>>>>>

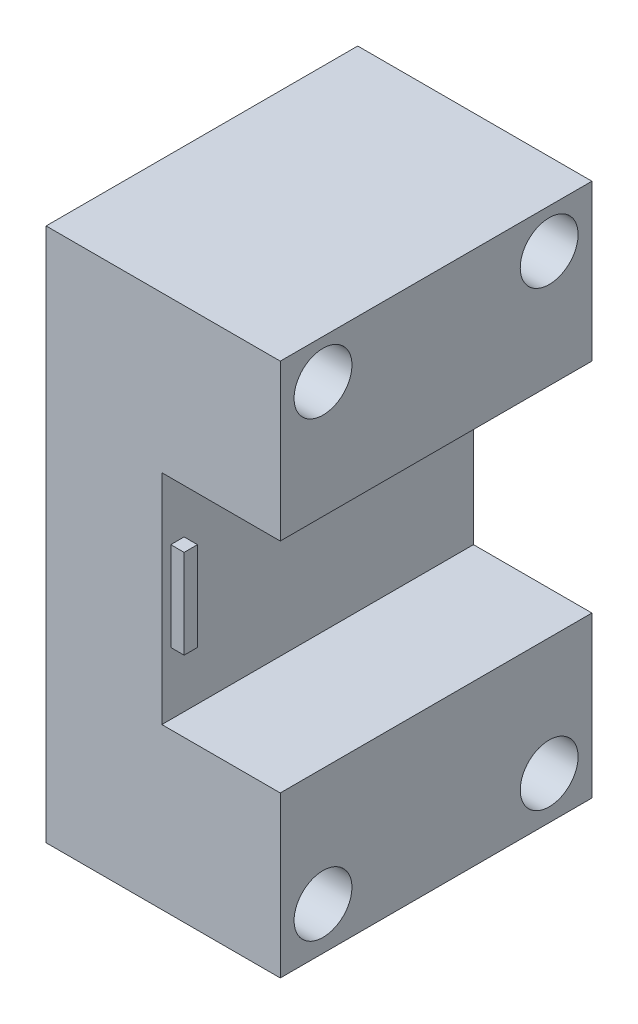
ISO-10303-21;
HEADER;
FILE_DESCRIPTION(('STEP AP214'),'2;1');
FILE_NAME('part.step','',(''),(''),'','','');
FILE_SCHEMA(('AUTOMOTIVE_DESIGN { 1 0 10303 214 1 1 1 1 }'));
ENDSEC;
DATA;
#1=APPLICATION_CONTEXT('core data for automotive mechanical design processes');
#2=APPLICATION_PROTOCOL_DEFINITION('international standard','automotive_design',2000,#1);
#3=PRODUCT_CONTEXT('',#1,'mechanical');
#4=PRODUCT('Part','Part','',(#3));
#5=PRODUCT_RELATED_PRODUCT_CATEGORY('part','',(#4));
#6=PRODUCT_DEFINITION_FORMATION('','',#4);
#7=PRODUCT_DEFINITION_CONTEXT('part definition',#1,'design');
#8=PRODUCT_DEFINITION('design','',#6,#7);
#9=PRODUCT_DEFINITION_SHAPE('','',#8);
#10=(LENGTH_UNIT() NAMED_UNIT(*) SI_UNIT(.MILLI.,.METRE.));
#11=(NAMED_UNIT(*) PLANE_ANGLE_UNIT() SI_UNIT($,.RADIAN.));
#12=(NAMED_UNIT(*) SI_UNIT($,.STERADIAN.) SOLID_ANGLE_UNIT());
#13=UNCERTAINTY_MEASURE_WITH_UNIT(LENGTH_MEASURE(1.E-05),#10,'distance_accuracy_value','');
#14=(GEOMETRIC_REPRESENTATION_CONTEXT(3) GLOBAL_UNCERTAINTY_ASSIGNED_CONTEXT((#13)) GLOBAL_UNIT_ASSIGNED_CONTEXT((#10,
#11,#12)) REPRESENTATION_CONTEXT('',''));
#15=CARTESIAN_POINT('',(0.,0.,0.));
#16=DIRECTION('',(0.,0.,1.));
#17=DIRECTION('',(1.,0.,0.));
#18=AXIS2_PLACEMENT_3D('',#15,#16,#17);
#19=CARTESIAN_POINT('',(13.,60.,-35.));
#20=DIRECTION('',(-1.,0.,0.));
#21=DIRECTION('',(0.,-1.,0.));
#22=AXIS2_PLACEMENT_3D('',#19,#20,#21);
#23=PLANE('',#22);
#24=DIRECTION('',(0.,-1.,0.));
#25=VECTOR('',#24,1.);
#26=CARTESIAN_POINT('',(13.,60.,0.));
#27=LINE('',#26,#25);
#28=CARTESIAN_POINT('',(13.,42.5,0.));
#29=VERTEX_POINT('',#28);
#30=CARTESIAN_POINT('',(13.,18.,0.));
#31=VERTEX_POINT('',#30);
#32=EDGE_CURVE('E63',#29,#31,#27,.T.);
#33=ORIENTED_EDGE('',*,*,#32,.T.);
#34=DIRECTION('',(0.,0.,1.));
#35=VECTOR('',#34,1.);
#36=CARTESIAN_POINT('',(13.,18.,-57.3805719319235));
#37=LINE('',#36,#35);
#38=CARTESIAN_POINT('',(13.,18.,-35.));
#39=VERTEX_POINT('',#38);
#40=EDGE_CURVE('E58',#39,#31,#37,.T.);
#41=ORIENTED_EDGE('',*,*,#40,.F.);
#42=DIRECTION('',(0.,-1.,0.));
#43=VECTOR('',#42,1.);
#44=CARTESIAN_POINT('',(13.,60.,-35.));
#45=LINE('',#44,#43);
#46=CARTESIAN_POINT('',(13.,42.5,-35.));
#47=VERTEX_POINT('',#46);
#48=EDGE_CURVE('E137',#47,#39,#45,.T.);
#49=ORIENTED_EDGE('',*,*,#48,.F.);
#50=DIRECTION('',(0.,0.,1.));
#51=VECTOR('',#50,1.);
#52=CARTESIAN_POINT('',(13.,42.5,-57.3805719319235));
#53=LINE('',#52,#51);
#54=EDGE_CURVE('E172',#47,#29,#53,.T.);
#55=ORIENTED_EDGE('',*,*,#54,.T.);
#56=EDGE_LOOP('',(#33,#41,#49,#55));
#57=FACE_BOUND('',#56,.T.);
#58=DIRECTION('',(0.,-1.,0.));
#59=VECTOR('',#58,1.);
#60=CARTESIAN_POINT('',(13.,25.,-1.));
#61=LINE('',#60,#59);
#62=CARTESIAN_POINT('',(13.,35.,-1.));
#63=VERTEX_POINT('',#62);
#64=CARTESIAN_POINT('',(13.,25.,-1.));
#65=VERTEX_POINT('',#64);
#66=EDGE_CURVE('E179',#63,#65,#61,.T.);
#67=ORIENTED_EDGE('',*,*,#66,.F.);
#68=DIRECTION('',(0.,0.,1.));
#69=VECTOR('',#68,1.);
#70=CARTESIAN_POINT('',(13.,35.,-1.));
#71=LINE('',#70,#69);
#72=CARTESIAN_POINT('',(13.,35.,-2.5));
#73=VERTEX_POINT('',#72);
#74=EDGE_CURVE('E184',#73,#63,#71,.T.);
#75=ORIENTED_EDGE('',*,*,#74,.F.);
#76=DIRECTION('',(0.,1.,0.));
#77=VECTOR('',#76,1.);
#78=CARTESIAN_POINT('',(13.,25.,-2.5));
#79=LINE('',#78,#77);
#80=CARTESIAN_POINT('',(13.,25.,-2.5));
#81=VERTEX_POINT('',#80);
#82=EDGE_CURVE('E196',#81,#73,#79,.T.);
#83=ORIENTED_EDGE('',*,*,#82,.F.);
#84=DIRECTION('',(0.,0.,-1.));
#85=VECTOR('',#84,1.);
#86=CARTESIAN_POINT('',(13.,25.,-1.));
#87=LINE('',#86,#85);
#88=EDGE_CURVE('E193',#65,#81,#87,.T.);
#89=ORIENTED_EDGE('',*,*,#88,.F.);
#90=EDGE_LOOP('',(#67,#75,#83,#89));
#91=FACE_BOUND('',#90,.T.);
#92=ADVANCED_FACE('F43',(#57,#91),#23,.F.);
#93=CARTESIAN_POINT('',(0.,60.,-35.));
#94=DIRECTION('',(-1.,0.,0.));
#95=DIRECTION('',(0.,-1.,0.));
#96=AXIS2_PLACEMENT_3D('',#93,#94,#95);
#97=PLANE('',#96);
#98=CARTESIAN_POINT('',(0.,55.6,-4.8));
#99=DIRECTION('',(1.,0.,0.));
#100=DIRECTION('',(0.,1.,0.));
#101=AXIS2_PLACEMENT_3D('',#98,#99,#100);
#102=CIRCLE('',#101,3.25);
#103=CARTESIAN_POINT('',(0.,58.85,-4.8));
#104=VERTEX_POINT('',#103);
#105=EDGE_CURVE('E334',#104,#104,#102,.T.);
#106=ORIENTED_EDGE('',*,*,#105,.T.);
#107=EDGE_LOOP('',(#106));
#108=FACE_BOUND('',#107,.T.);
#109=CARTESIAN_POINT('',(0.,55.6,-30.2));
#110=DIRECTION('',(1.,0.,0.));
#111=DIRECTION('',(0.,1.,0.));
#112=AXIS2_PLACEMENT_3D('',#109,#110,#111);
#113=CIRCLE('',#112,3.24999999999998);
#114=CARTESIAN_POINT('',(0.,58.85,-30.2));
#115=VERTEX_POINT('',#114);
#116=EDGE_CURVE('E328',#115,#115,#113,.T.);
#117=ORIENTED_EDGE('',*,*,#116,.T.);
#118=EDGE_LOOP('',(#117));
#119=FACE_BOUND('',#118,.T.);
#120=CARTESIAN_POINT('',(0.,4.8,-30.2));
#121=DIRECTION('',(1.,0.,0.));
#122=DIRECTION('',(0.,1.,0.));
#123=AXIS2_PLACEMENT_3D('',#120,#121,#122);
#124=CIRCLE('',#123,3.24999999999999);
#125=CARTESIAN_POINT('',(0.,8.04999999999999,-30.2));
#126=VERTEX_POINT('',#125);
#127=EDGE_CURVE('E316',#126,#126,#124,.T.);
#128=ORIENTED_EDGE('',*,*,#127,.T.);
#129=EDGE_LOOP('',(#128));
#130=FACE_BOUND('',#129,.T.);
#131=CARTESIAN_POINT('',(0.,4.79999999999999,-4.8));
#132=DIRECTION('',(1.,0.,0.));
#133=DIRECTION('',(0.,1.,0.));
#134=AXIS2_PLACEMENT_3D('',#131,#132,#133);
#135=CIRCLE('',#134,3.25);
#136=CARTESIAN_POINT('',(0.,8.05,-4.8));
#137=VERTEX_POINT('',#136);
#138=EDGE_CURVE('E140',#137,#137,#135,.T.);
#139=ORIENTED_EDGE('',*,*,#138,.T.);
#140=EDGE_LOOP('',(#139));
#141=FACE_BOUND('',#140,.T.);
#142=DIRECTION('',(0.,-1.,0.));
#143=VECTOR('',#142,1.);
#144=CARTESIAN_POINT('',(0.,60.,0.));
#145=LINE('',#144,#143);
#146=CARTESIAN_POINT('',(0.,60.,0.));
#147=VERTEX_POINT('',#146);
#148=CARTESIAN_POINT('',(0.,0.,0.));
#149=VERTEX_POINT('',#148);
#150=EDGE_CURVE('E212',#147,#149,#145,.T.);
#151=ORIENTED_EDGE('',*,*,#150,.F.);
#152=DIRECTION('',(0.,0.,1.));
#153=VECTOR('',#152,1.);
#154=CARTESIAN_POINT('',(0.,60.,-35.));
#155=LINE('',#154,#153);
#156=CARTESIAN_POINT('',(0.,60.,-35.));
#157=VERTEX_POINT('',#156);
#158=EDGE_CURVE('E12',#157,#147,#155,.T.);
#159=ORIENTED_EDGE('',*,*,#158,.F.);
#160=DIRECTION('',(0.,-1.,0.));
#161=VECTOR('',#160,1.);
#162=CARTESIAN_POINT('',(0.,60.,-35.));
#163=LINE('',#162,#161);
#164=CARTESIAN_POINT('',(0.,0.,-35.));
#165=VERTEX_POINT('',#164);
#166=EDGE_CURVE('E213',#157,#165,#163,.T.);
#167=ORIENTED_EDGE('',*,*,#166,.T.);
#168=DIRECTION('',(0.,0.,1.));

<<<<<

Exactly reproduce the run of lines from the start of the listing through the line with "#15=CARTESIAN_POINT('',(0.,0.,0.));", inclusive; pictures are not copied.

Response:
ISO-10303-21;
HEADER;
FILE_DESCRIPTION(('STEP AP214'),'2;1');
FILE_NAME('part.step','',(''),(''),'','','');
FILE_SCHEMA(('AUTOMOTIVE_DESIGN { 1 0 10303 214 1 1 1 1 }'));
ENDSEC;
DATA;
#1=APPLICATION_CONTEXT('core data for automotive mechanical design processes');
#2=APPLICATION_PROTOCOL_DEFINITION('international standard','automotive_design',2000,#1);
#3=PRODUCT_CONTEXT('',#1,'mechanical');
#4=PRODUCT('Part','Part','',(#3));
#5=PRODUCT_RELATED_PRODUCT_CATEGORY('part','',(#4));
#6=PRODUCT_DEFINITION_FORMATION('','',#4);
#7=PRODUCT_DEFINITION_CONTEXT('part definition',#1,'design');
#8=PRODUCT_DEFINITION('design','',#6,#7);
#9=PRODUCT_DEFINITION_SHAPE('','',#8);
#10=(LENGTH_UNIT() NAMED_UNIT(*) SI_UNIT(.MILLI.,.METRE.));
#11=(NAMED_UNIT(*) PLANE_ANGLE_UNIT() SI_UNIT($,.RADIAN.));
#12=(NAMED_UNIT(*) SI_UNIT($,.STERADIAN.) SOLID_ANGLE_UNIT());
#13=UNCERTAINTY_MEASURE_WITH_UNIT(LENGTH_MEASURE(1.E-05),#10,'distance_accuracy_value','');
#14=(GEOMETRIC_REPRESENTATION_CONTEXT(3) GLOBAL_UNCERTAINTY_ASSIGNED_CONTEXT((#13)) GLOBAL_UNIT_ASSIGNED_CONTEXT((#10,
#11,#12)) REPRESENTATION_CONTEXT('',''));
#15=CARTESIAN_POINT('',(0.,0.,0.));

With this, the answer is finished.